* **Your goal**:
Across the records below, count every line that contains the string "mechanical", then report the count alone.

Records from a data source:
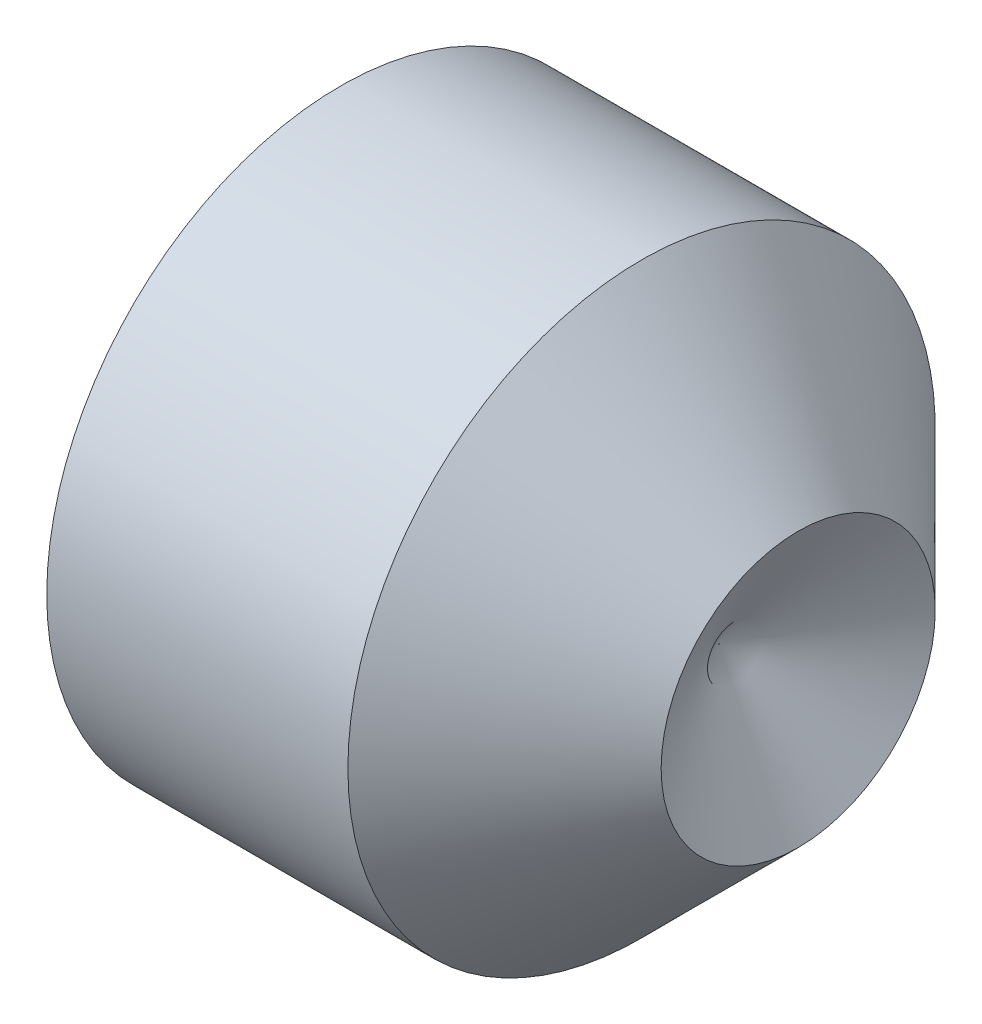
ISO-10303-21;
HEADER;
FILE_DESCRIPTION(('STEP AP214'),'2;1');
FILE_NAME('part.step','',(''),(''),'','','');
FILE_SCHEMA(('AUTOMOTIVE_DESIGN { 1 0 10303 214 1 1 1 1 }'));
ENDSEC;
DATA;
#1=APPLICATION_CONTEXT('core data for automotive mechanical design processes');
#2=APPLICATION_PROTOCOL_DEFINITION('international standard','automotive_design',2000,#1);
#3=PRODUCT_CONTEXT('',#1,'mechanical');
#4=PRODUCT('Part','Part','',(#3));
#5=PRODUCT_RELATED_PRODUCT_CATEGORY('part','',(#4));
#6=PRODUCT_DEFINITION_FORMATION('','',#4);
#7=PRODUCT_DEFINITION_CONTEXT('part definition',#1,'design');
#8=PRODUCT_DEFINITION('design','',#6,#7);
#9=PRODUCT_DEFINITION_SHAPE('','',#8);
#10=(LENGTH_UNIT() NAMED_UNIT(*) SI_UNIT(.MILLI.,.METRE.));
#11=(NAMED_UNIT(*) PLANE_ANGLE_UNIT() SI_UNIT($,.RADIAN.));
#12=(NAMED_UNIT(*) SI_UNIT($,.STERADIAN.) SOLID_ANGLE_UNIT());
#13=UNCERTAINTY_MEASURE_WITH_UNIT(LENGTH_MEASURE(1.E-05),#10,'distance_accuracy_value','');
#14=(GEOMETRIC_REPRESENTATION_CONTEXT(3) GLOBAL_UNCERTAINTY_ASSIGNED_CONTEXT((#13)) GLOBAL_UNIT_ASSIGNED_CONTEXT((#10,
#11,#12)) REPRESENTATION_CONTEXT('',''));
#15=CARTESIAN_POINT('',(0.,0.,0.));
#16=DIRECTION('',(0.,0.,1.));
#17=DIRECTION('',(1.,0.,0.));
#18=AXIS2_PLACEMENT_3D('',#15,#16,#17);
#19=CARTESIAN_POINT('',(0.,0.,0.));
#20=DIRECTION('',(-1.,0.,0.));
#21=DIRECTION('',(0.,0.,1.));
#22=AXIS2_PLACEMENT_3D('',#19,#20,#21);
#23=PLANE('',#22);
#24=CARTESIAN_POINT('',(0.,0.,0.));
#25=DIRECTION('',(-1.,0.,0.));
#26=DIRECTION('',(0.,0.,1.));
#27=AXIS2_PLACEMENT_3D('',#24,#25,#26);
#28=CIRCLE('',#27,1.2195);
#29=CARTESIAN_POINT('',(0.,0.,1.2195));
#30=VERTEX_POINT('',#29);
#31=EDGE_CURVE('E11',#30,#30,#28,.T.);
#32=ORIENTED_EDGE('',*,*,#31,.T.);
#33=EDGE_LOOP('',(#32));
#34=FACE_BOUND('',#33,.T.);
#35=DIRECTION('',(0.,0.,-1.));
#36=VECTOR('',#35,1.);
#37=CARTESIAN_POINT('',(0.,0.75,0.43301270189222));
#38=LINE('',#37,#36);
#39=CARTESIAN_POINT('',(0.,0.75,0.43301270189222));
#40=VERTEX_POINT('',#39);
#41=CARTESIAN_POINT('',(0.,0.75,-0.433012701892219));
#42=VERTEX_POINT('',#41);
#43=EDGE_CURVE('E106',#40,#42,#38,.T.);
#44=ORIENTED_EDGE('',*,*,#43,.F.);
#45=DIRECTION('',(0.,-0.866025403784438,0.5));
#46=VECTOR('',#45,1.);
#47=CARTESIAN_POINT('',(0.,0.75,0.43301270189222));
#48=LINE('',#47,#46);
#49=CARTESIAN_POINT('',(0.,0.,0.866025403784439));
#50=VERTEX_POINT('',#49);
#51=EDGE_CURVE('E59',#40,#50,#48,.T.);
#52=ORIENTED_EDGE('',*,*,#51,.T.);
#53=DIRECTION('',(0.,0.866025403784438,0.5));
#54=VECTOR('',#53,1.);
#55=CARTESIAN_POINT('',(0.,-0.750000000000001,0.43301270189222));
#56=LINE('',#55,#54);
#57=CARTESIAN_POINT('',(0.,-0.750000000000001,0.43301270189222));
#58=VERTEX_POINT('',#57);
#59=EDGE_CURVE('E112',#58,#50,#56,.T.);
#60=ORIENTED_EDGE('',*,*,#59,.F.);
#61=DIRECTION('',(0.,0.,-1.));
#62=VECTOR('',#61,1.);
#63=CARTESIAN_POINT('',(0.,-0.750000000000001,0.43301270189222));
#64=LINE('',#63,#62);
#65=CARTESIAN_POINT('',(0.,-0.750000000000001,-0.433012701892219));
#66=VERTEX_POINT('',#65);
#67=EDGE_CURVE('E132',#58,#66,#64,.T.);
#68=ORIENTED_EDGE('',*,*,#67,.T.);
#69=DIRECTION('',(0.,0.866025403784438,-0.500000000000001));
#70=VECTOR('',#69,1.);
#71=CARTESIAN_POINT('',(0.,-0.750000000000001,-0.433012701892219));
#72=LINE('',#71,#70);
#73=CARTESIAN_POINT('',(0.,0.,-0.866025403784439));
#74=VERTEX_POINT('',#73);
#75=EDGE_CURVE('E135',#66,#74,#72,.T.);
#76=ORIENTED_EDGE('',*,*,#75,.T.);
#77=DIRECTION('',(0.,-0.866025403784438,-0.500000000000001));
#78=VECTOR('',#77,1.);
#79=CARTESIAN_POINT('',(0.,0.75,-0.433012701892219));
#80=LINE('',#79,#78);
#81=EDGE_CURVE('E138',#42,#74,#80,.T.);
#82=ORIENTED_EDGE('',*,*,#81,.F.);
#83=EDGE_LOOP('',(#44,#52,#60,#68,#76,#82));
#84=FACE_BOUND('',#83,.T.);
#85=ADVANCED_FACE('F45',(#34,#84),#23,.T.);
#86=CARTESIAN_POINT('',(0.,0.,0.));
#87=DIRECTION('',(1.,0.,0.));
#88=DIRECTION('',(0.,0.,-1.));
#89=AXIS2_PLACEMENT_3D('',#86,#87,#88);
#90=CONICAL_SURFACE('',#89,1.2195,1.0471975511966);
#91=CARTESIAN_POINT('',(0.161946750507689,0.,0.));
#92=DIRECTION('',(-1.,0.,0.));
#93=DIRECTION('',(0.,0.,1.));
#94=AXIS2_PLACEMENT_3D('',#91,#92,#93);
#95=CIRCLE('',#94,1.5);
#96=CARTESIAN_POINT('',(0.161946750507689,0.,1.5));
#97=VERTEX_POINT('',#96);
#98=EDGE_CURVE('E52',#97,#97,#95,.T.);
#99=ORIENTED_EDGE('',*,*,#98,.T.);
#100=EDGE_LOOP('',(#99));
#101=FACE_BOUND('',#100,.T.);
#102=ORIENTED_EDGE('',*,*,#31,.F.);
#103=EDGE_LOOP('',(#102));
#104=FACE_BOUND('',#103,.T.);
#105=ADVANCED_FACE('F158',(#101,#104),#90,.T.);
#106=CARTESIAN_POINT('',(-12.7,0.,0.));
#107=DIRECTION('',(-1.,0.,0.));
#108=DIRECTION('',(0.,0.,1.));
#109=AXIS2_PLACEMENT_3D('',#106,#107,#108);
#110=CYLINDRICAL_SURFACE('',#109,1.5);
#111=CARTESIAN_POINT('',(1.70000000000001,0.,0.));
#112=DIRECTION('',(-1.,0.,0.));
#113=DIRECTION('',(0.,0.,1.));
#114=AXIS2_PLACEMENT_3D('',#111,#112,#113);
#115=CIRCLE('',#114,1.5);
#116=CARTESIAN_POINT('',(1.70000000000001,0.,1.5));
#117=VERTEX_POINT('',#116);
#118=EDGE_CURVE('E153',#117,#117,#115,.T.);
#119=ORIENTED_EDGE('',*,*,#118,.T.);
#120=EDGE_LOOP('',(#119));
#121=FACE_BOUND('',#120,.T.);
#122=ORIENTED_EDGE('',*,*,#98,.F.);
#123=EDGE_LOOP('',(#122));
#124=FACE_BOUND('',#123,.T.);
#125=ADVANCED_FACE('F161',(#121,#124),#110,.T.);
#126=CARTESIAN_POINT('',(1.70000000000001,0.,0.));
#127=DIRECTION('',(-1.,0.,0.));
#128=DIRECTION('',(0.,0.,1.));
#129=AXIS2_PLACEMENT_3D('',#126,#127,#128);
#130=CONICAL_SURFACE('',#129,1.5,0.785398163397451);
#131=CARTESIAN_POINT('',(2.5,0.,0.));
#132=DIRECTION('',(-1.,0.,0.));
#133=DIRECTION('',(0.,0.,1.));
#134=AXIS2_PLACEMENT_3D('',#131,#132,#133);
#135=CIRCLE('',#134,0.7);
#136=CARTESIAN_POINT('',(2.5,0.,0.7));
#137=VERTEX_POINT('',#136);
#138=EDGE_CURVE('E113',#137,#137,#135,.T.);
#139=ORIENTED_EDGE('',*,*,#138,.T.);
#140=EDGE_LOOP('',(#139));
#141=FACE_BOUND('',#140,.T.);
#142=ORIENTED_EDGE('',*,*,#118,.F.);
#143=EDGE_LOOP('',(#142));
#144=FACE_BOUND('',#143,.T.);
#145=ADVANCED_FACE('F163',(#141,#144),#130,.T.);
#146=CARTESIAN_POINT('',(2.09585481156726,0.,0.));
#147=DIRECTION('',(1.,0.,0.));
#148=DIRECTION('',(0.,0.,-1.));
#149=AXIS2_PLACEMENT_3D('',#146,#147,#148);
#150=CONICAL_SURFACE('',#149,0.,1.04719755119659);
#151=ORIENTED_EDGE('',*,*,#138,.F.);
#152=EDGE_LOOP('',(#151));
#153=FACE_BOUND('',#152,.T.);
#154=CARTESIAN_POINT('',(2.09585481156726,0.,0.));
#155=VERTEX_POINT('',#154);
#156=VERTEX_LOOP('',#155);
#157=FACE_BOUND('',#156,.T.);
#158=ADVANCED_FACE('F170',(#153,#157),#150,.F.);
#159=CARTESIAN_POINT('',(1.2,0.75,0.43301270189222));
#160=DIRECTION('',(0.,-0.5,-0.866025403784439));
#161=DIRECTION('',(0.,0.866025403784439,-0.5));
#162=AXIS2_PLACEMENT_3D('',#159,#160,#161);
#163=PLANE('',#162);
#164=ORIENTED_EDGE('',*,*,#51,.F.);
#165=DIRECTION('',(-1.,0.,0.));
#166=VECTOR('',#165,1.);
#167=CARTESIAN_POINT('',(1.2,0.75,0.43301270189222));
#168=LINE('',#167,#166);
#169=CARTESIAN_POINT('',(1.2,0.75,0.43301270189222));
#170=VERTEX_POINT('',#169);
#171=EDGE_CURVE('E100',#170,#40,#168,.T.);
#172=ORIENTED_EDGE('',*,*,#171,.F.);
#173=DIRECTION('',(0.,-0.866025403784438,0.5));
#174=VECTOR('',#173,1.);
#175=CARTESIAN_POINT('',(1.2,0.75,0.43301270189222));
#176=LINE('',#175,#174);
#177=CARTESIAN_POINT('',(1.2,0.,0.866025403784439));
#178=VERTEX_POINT('',#177);
#179=EDGE_CURVE('E95',#170,#178,#176,.T.);
#180=ORIENTED_EDGE('',*,*,#179,.T.);
#181=DIRECTION('',(-1.,0.,0.));
#182=VECTOR('',#181,1.);
#183=CARTESIAN_POINT('',(1.2,0.,0.866025403784439));
#184=LINE('',#183,#182);
#185=EDGE_CURVE('E98',#178,#50,#184,.T.);
#186=ORIENTED_EDGE('',*,*,#185,.T.);
#187=EDGE_LOOP('',(#164,#172,#180,#186));
#188=FACE_BOUND('',#187,.T.);
#189=ADVANCED_FACE('F97',(#188),#163,.T.);
#190=CARTESIAN_POINT('',(1.2,-0.750000000000001,0.43301270189222));
#191=DIRECTION('',(0.,-0.5,0.866025403784439));
#192=DIRECTION('',(0.,-0.866025403784439,-0.5));
#193=AXIS2_PLACEMENT_3D('',#190,#191,#192);
#194=PLANE('',#193);
#195=ORIENTED_EDGE('',*,*,#59,.T.);
#196=ORIENTED_EDGE('',*,*,#185,.F.);
#197=DIRECTION('',(0.,0.866025403784438,0.5));
#198=VECTOR('',#197,1.);
#199=CARTESIAN_POINT('',(1.2,-0.750000000000001,0.43301270189222));
#200=LINE('',#199,#198);
#201=CARTESIAN_POINT('',(1.2,-0.750000000000001,0.43301270189222));
#202=VERTEX_POINT('',#201);
#203=EDGE_CURVE('E105',#202,#178,#200,.T.);
#204=ORIENTED_EDGE('',*,*,#203,.F.);
#205=DIRECTION('',(-1.,0.,0.));
#206=VECTOR('',#205,1.);
#207=CARTESIAN_POINT('',(1.2,-0.750000000000001,0.43301270189222));
#208=LINE('',#207,#206);
#209=EDGE_CURVE('E114',#202,#58,#208,.T.);
#210=ORIENTED_EDGE('',*,*,#209,.T.);
#211=EDGE_LOOP('',(#195,#196,#204,#210));
#212=FACE_BOUND('',#211,.T.);
#213=ADVANCED_FACE('F110',(#212),#194,.F.);
#214=CARTESIAN_POINT('',(1.2,-0.750000000000001,0.43301270189222));
#215=DIRECTION('',(0.,1.,0.));
#216=DIRECTION('',(0.,0.,1.));
#217=AXIS2_PLACEMENT_3D('',#214,#215,#216);
#218=PLANE('',#217);
#219=ORIENTED_EDGE('',*,*,#67,.F.);
#220=ORIENTED_EDGE('',*,*,#209,.F.);
#221=DIRECTION('',(0.,0.,-1.));
#222=VECTOR('',#221,1.);
#223=CARTESIAN_POINT('',(1.2,-0.750000000000001,0.43301270189222));
#224=LINE('',#223,#222);
#225=CARTESIAN_POINT('',(1.2,-0.750000000000001,-0.433012701892219));
#226=VERTEX_POINT('',#225);
#227=EDGE_CURVE('E119',#202,#226,#224,.T.);
#228=ORIENTED_EDGE('',*,*,#227,.T.);
#229=DIRECTION('',(-1.,0.,0.));
#230=VECTOR('',#229,1.);
#231=CARTESIAN_POINT('',(1.2,-0.750000000000001,-0.433012701892219));
#232=LINE('',#231,#230);
#233=EDGE_CURVE('E148',#226,#66,#232,.T.);
#234=ORIENTED_EDGE('',*,*,#233,.T.);
#235=EDGE_LOOP('',(#219,#220,#228,#234));
#236=FACE_BOUND('',#235,.T.);
#237=ADVANCED_FACE('F196',(#236),#218,.T.);
#238=CARTESIAN_POINT('',(1.2,-0.750000000000001,-0.433012701892219));
#239=DIRECTION('',(0.,0.500000000000001,0.866025403784438));
#240=DIRECTION('',(0.,-0.866025403784438,0.500000000000001));
#241=AXIS2_PLACEMENT_3D('',#238,#239,#240);
#242=PLANE('',#241);
#243=ORIENTED_EDGE('',*,*,#75,.F.);
#244=ORIENTED_EDGE('',*,*,#233,.F.);
#245=DIRECTION('',(0.,0.866025403784438,-0.500000000000001));
#246=VECTOR('',#245,1.);
#247=CARTESIAN_POINT('',(1.2,-0.750000000000001,-0.433012701892219));
#248=LINE('',#247,#246);
#249=CARTESIAN_POINT('',(1.2,0.,-0.866025403784439));
#250=VERTEX_POINT('',#249);
#251=EDGE_CURVE('E121',#226,#250,#248,.T.);
#252=ORIENTED_EDGE('',*,*,#251,.T.);
#253=DIRECTION('',(-1.,0.,0.));
#254=VECTOR('',#253,1.);
#255=CARTESIAN_POINT('',(1.2,0.,-0.866025403784439));
#256=LINE('',#255,#254);
#257=EDGE_CURVE('E146',#250,#74,#256,.T.);
#258=ORIENTED_EDGE('',*,*,#257,.T.);
#259=EDGE_LOOP('',(#243,#244,#252,#258));
#260=FACE_BOUND('',#259,.T.);
#261=ADVANCED_FACE('F192',(#260),#242,.T.);
#262=CARTESIAN_POINT('',(1.2,0.75,-0.433012701892219));
#263=DIRECTION('',(0.,0.5,-0.866025403784438));
#264=DIRECTION('',(0.,0.866025403784438,0.500000000000001));
#265=AXIS2_PLACEMENT_3D('',#262,#263,#264);
#266=PLANE('',#265);
#267=ORIENTED_EDGE('',*,*,#81,.T.);
#268=ORIENTED_EDGE('',*,*,#257,.F.);
#269=DIRECTION('',(0.,-0.866025403784438,-0.500000000000001));
#270=VECTOR('',#269,1.);
#271=CARTESIAN_POINT('',(1.2,0.75,-0.433012701892219));
#272=LINE('',#271,#270);
#273=CARTESIAN_POINT('',(1.2,0.75,-0.433012701892219));
#274=VERTEX_POINT('',#273);
#275=EDGE_CURVE('E125',#274,#250,#272,.T.);
#276=ORIENTED_EDGE('',*,*,#275,.F.);
#277=DIRECTION('',(-1.,0.,0.));
#278=VECTOR('',#277,1.);
#279=CARTESIAN_POINT('',(1.2,0.75,-0.433012701892219));
#280=LINE('',#279,#278);
#281=EDGE_CURVE('E144',#274,#42,#280,.T.);
#282=ORIENTED_EDGE('',*,*,#281,.T.);
#283=EDGE_LOOP('',(#267,#268,#276,#282));
#284=FACE_BOUND('',#283,.T.);
#285=ADVANCED_FACE('F189',(#284),#266,.F.);
#286=CARTESIAN_POINT('',(1.2,0.75,0.43301270189222));
#287=DIRECTION('',(0.,1.,0.));
#288=DIRECTION('',(0.,0.,1.));
#289=AXIS2_PLACEMENT_3D('',#286,#287,#288);
#290=PLANE('',#289);
#291=ORIENTED_EDGE('',*,*,#43,.T.);
#292=ORIENTED_EDGE('',*,*,#281,.F.);
#293=DIRECTION('',(0.,0.,-1.));
#294=VECTOR('',#293,1.);
#295=CARTESIAN_POINT('',(1.2,0.75,0.43301270189222));
#296=LINE('',#295,#294);
#297=EDGE_CURVE('E128',#170,#274,#296,.T.);
#298=ORIENTED_EDGE('',*,*,#297,.F.);
#299=ORIENTED_EDGE('',*,*,#171,.T.);
#300=EDGE_LOOP('',(#291,#292,#298,#299));
#301=FACE_BOUND('',#300,.T.);
#302=ADVANCED_FACE('F185',(#301),#290,.F.);
#303=CARTESIAN_POINT('',(1.2,1.5,0.));
#304=DIRECTION('',(1.,0.,0.));
#305=DIRECTION('',(0.,0.,-1.));
#306=AXIS2_PLACEMENT_3D('',#303,#304,#305);
#307=PLANE('',#306);
#308=ORIENTED_EDGE('',*,*,#179,.F.);
#309=ORIENTED_EDGE('',*,*,#297,.T.);
#310=ORIENTED_EDGE('',*,*,#275,.T.);
#311=ORIENTED_EDGE('',*,*,#251,.F.);
#312=ORIENTED_EDGE('',*,*,#227,.F.);
#313=ORIENTED_EDGE('',*,*,#203,.T.);
#314=EDGE_LOOP('',(#308,#309,#310,#311,#312,#313));
#315=FACE_BOUND('',#314,.T.);
#316=ADVANCED_FACE('F117',(#315),#307,.F.);
#317=CLOSED_SHELL('',(#85,#105,#125,#145,#158,#189,#213,#237,#261,#285,#302,#316));
#318=MANIFOLD_SOLID_BREP('B2',#317);
#319=ADVANCED_BREP_SHAPE_REPRESENTATION('',(#18,#318),#14);
#320=SHAPE_DEFINITION_REPRESENTATION(#9,#319);
ENDSEC;
END-ISO-10303-21;

* **Worked solution**:
2